Esa misma noche, la pobre Helena falleció de la enfermedad de estómago que llevaba tiempo padeciendo. Abandonó este mundo, no obstante, con una sonrisa en el rostro, siendo su último pensamiento, sin duda, que no tardaría en reunirse con la carne de su carne que se había ido al cielo cuatro años antes que ella, si es que puede decirse que los no bautizados, aun siendo niños inocentes, pueden entrar en el Reino, tema sobre el cual, hermano, tú estás más capacitado que yo para opinar. Poco después recibimos la noticia de que la emperatriz Eusebia había muerto en Roma un día después que Helena. Ambos maridos derramaron lágrimas, no me cabe duda, pero es imposible determinar qué proporción vertieron por cada una de las mujeres.
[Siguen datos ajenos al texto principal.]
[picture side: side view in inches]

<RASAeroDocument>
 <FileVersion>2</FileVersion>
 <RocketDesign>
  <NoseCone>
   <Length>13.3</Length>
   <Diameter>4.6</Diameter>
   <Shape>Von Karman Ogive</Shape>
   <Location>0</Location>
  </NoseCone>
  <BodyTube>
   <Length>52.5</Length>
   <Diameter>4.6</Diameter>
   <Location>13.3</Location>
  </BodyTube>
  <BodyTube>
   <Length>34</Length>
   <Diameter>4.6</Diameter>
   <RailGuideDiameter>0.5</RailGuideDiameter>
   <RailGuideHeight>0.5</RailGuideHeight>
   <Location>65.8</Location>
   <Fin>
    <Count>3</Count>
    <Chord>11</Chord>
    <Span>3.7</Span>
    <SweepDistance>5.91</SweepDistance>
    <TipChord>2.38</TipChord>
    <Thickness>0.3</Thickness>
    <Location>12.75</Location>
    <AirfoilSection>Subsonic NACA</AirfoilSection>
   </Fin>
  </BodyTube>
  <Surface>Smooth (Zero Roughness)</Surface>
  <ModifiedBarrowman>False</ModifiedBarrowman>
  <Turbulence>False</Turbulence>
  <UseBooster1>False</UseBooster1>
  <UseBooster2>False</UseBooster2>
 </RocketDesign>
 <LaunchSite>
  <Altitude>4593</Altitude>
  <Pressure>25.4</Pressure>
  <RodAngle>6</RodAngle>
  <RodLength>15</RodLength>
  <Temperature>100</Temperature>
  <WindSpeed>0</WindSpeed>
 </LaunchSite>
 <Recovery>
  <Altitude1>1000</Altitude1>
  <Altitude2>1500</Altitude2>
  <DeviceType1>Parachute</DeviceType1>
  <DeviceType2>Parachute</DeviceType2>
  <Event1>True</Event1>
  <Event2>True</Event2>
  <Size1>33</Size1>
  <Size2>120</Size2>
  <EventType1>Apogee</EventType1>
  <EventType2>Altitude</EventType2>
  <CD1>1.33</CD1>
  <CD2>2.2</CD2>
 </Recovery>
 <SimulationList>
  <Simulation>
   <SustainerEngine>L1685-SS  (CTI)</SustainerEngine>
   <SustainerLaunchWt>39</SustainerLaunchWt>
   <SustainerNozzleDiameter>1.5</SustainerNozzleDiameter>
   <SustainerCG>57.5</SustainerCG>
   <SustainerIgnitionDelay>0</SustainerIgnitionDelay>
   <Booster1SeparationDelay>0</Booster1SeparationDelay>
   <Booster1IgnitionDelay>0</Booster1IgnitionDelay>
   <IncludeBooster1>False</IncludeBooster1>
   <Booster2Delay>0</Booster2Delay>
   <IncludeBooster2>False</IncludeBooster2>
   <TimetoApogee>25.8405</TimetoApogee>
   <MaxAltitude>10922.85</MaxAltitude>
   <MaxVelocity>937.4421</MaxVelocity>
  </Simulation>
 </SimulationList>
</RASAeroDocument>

En cuanto a la tercera fuerza motriz de su vida, en aquel momento yo ignoraba, aunque lo comprendí mucho después, que su principal motivación, de hecho la esencia de su ser, era de naturaleza impía. El motivo de la determinación que le impulsaba a levantarse cada mañana y trabajar todo el día y mitad de la noche hasta reventar era tan indigno de un filósofo, aunque quizá tan propio de un César, que no me sorprende que no se me ocurriera durante aquella época en la Galia. Sin embargo ahora, cuando escribo transcurridos ya algunos años, poseo la visión y la sabiduría para reconocer y nombrar lo obvio, su tercera motivación, el auténtico estímulo de su existencia.

La sed de venganza.

En aquel entonces, sin embargo, no tuve ocasión de reflexionar sobre ese aspecto porque fue por esa época, justo después de mi regreso de Sens con las noticias sobre la hija de la comadrona, cuando tuvo lugar otro suceso que se convirtió para mí en tema de mayor preocupación. Una noche de insomnio, me dirigí a los aposentos de Juliano en busca de compañía, sabedor de que lo encontraría despierto y probablemente con ganas de charlar. Cuando llegué, no obstante, hallé la puerta cerrada, y por ella se filtraba una conversación. No eran las pausas y exclamaciones efectistas que hacía cuando ensayaba sus discursos, sino una charla animada, casi una discusión. Dudando si interrumpirle, al final me senté en un banco del pasillo hasta que la llegada de un escriba citado para anotar los dictados de Juliano me sacó de mis pensamientos.

De repente se me ocurrió que quizá Juliano estuviera dictando.

—Creo que está ocupado con tu predecesor —advertí al escriba cuando se disponía a abrir la puerta—. No interrumpas al césar hasta que haya terminado.

El hombre me miró extrañado.

—No puede ser —dijo—. Soy el primer escriba que ha citado esta noche.

Sorprendido, me levanté y seguí al hombre hasta el interior de la sala, donde descubrí a Juliano sentado a su mesa, nervioso, con los libros cerrados y apartados a un lado y una mirada vacía, casi empañada, en los ojos. No había nadie más en la habitación. Fue la primera noche de las muchas que, a partir de ese momento, lo encontraría hablando solo.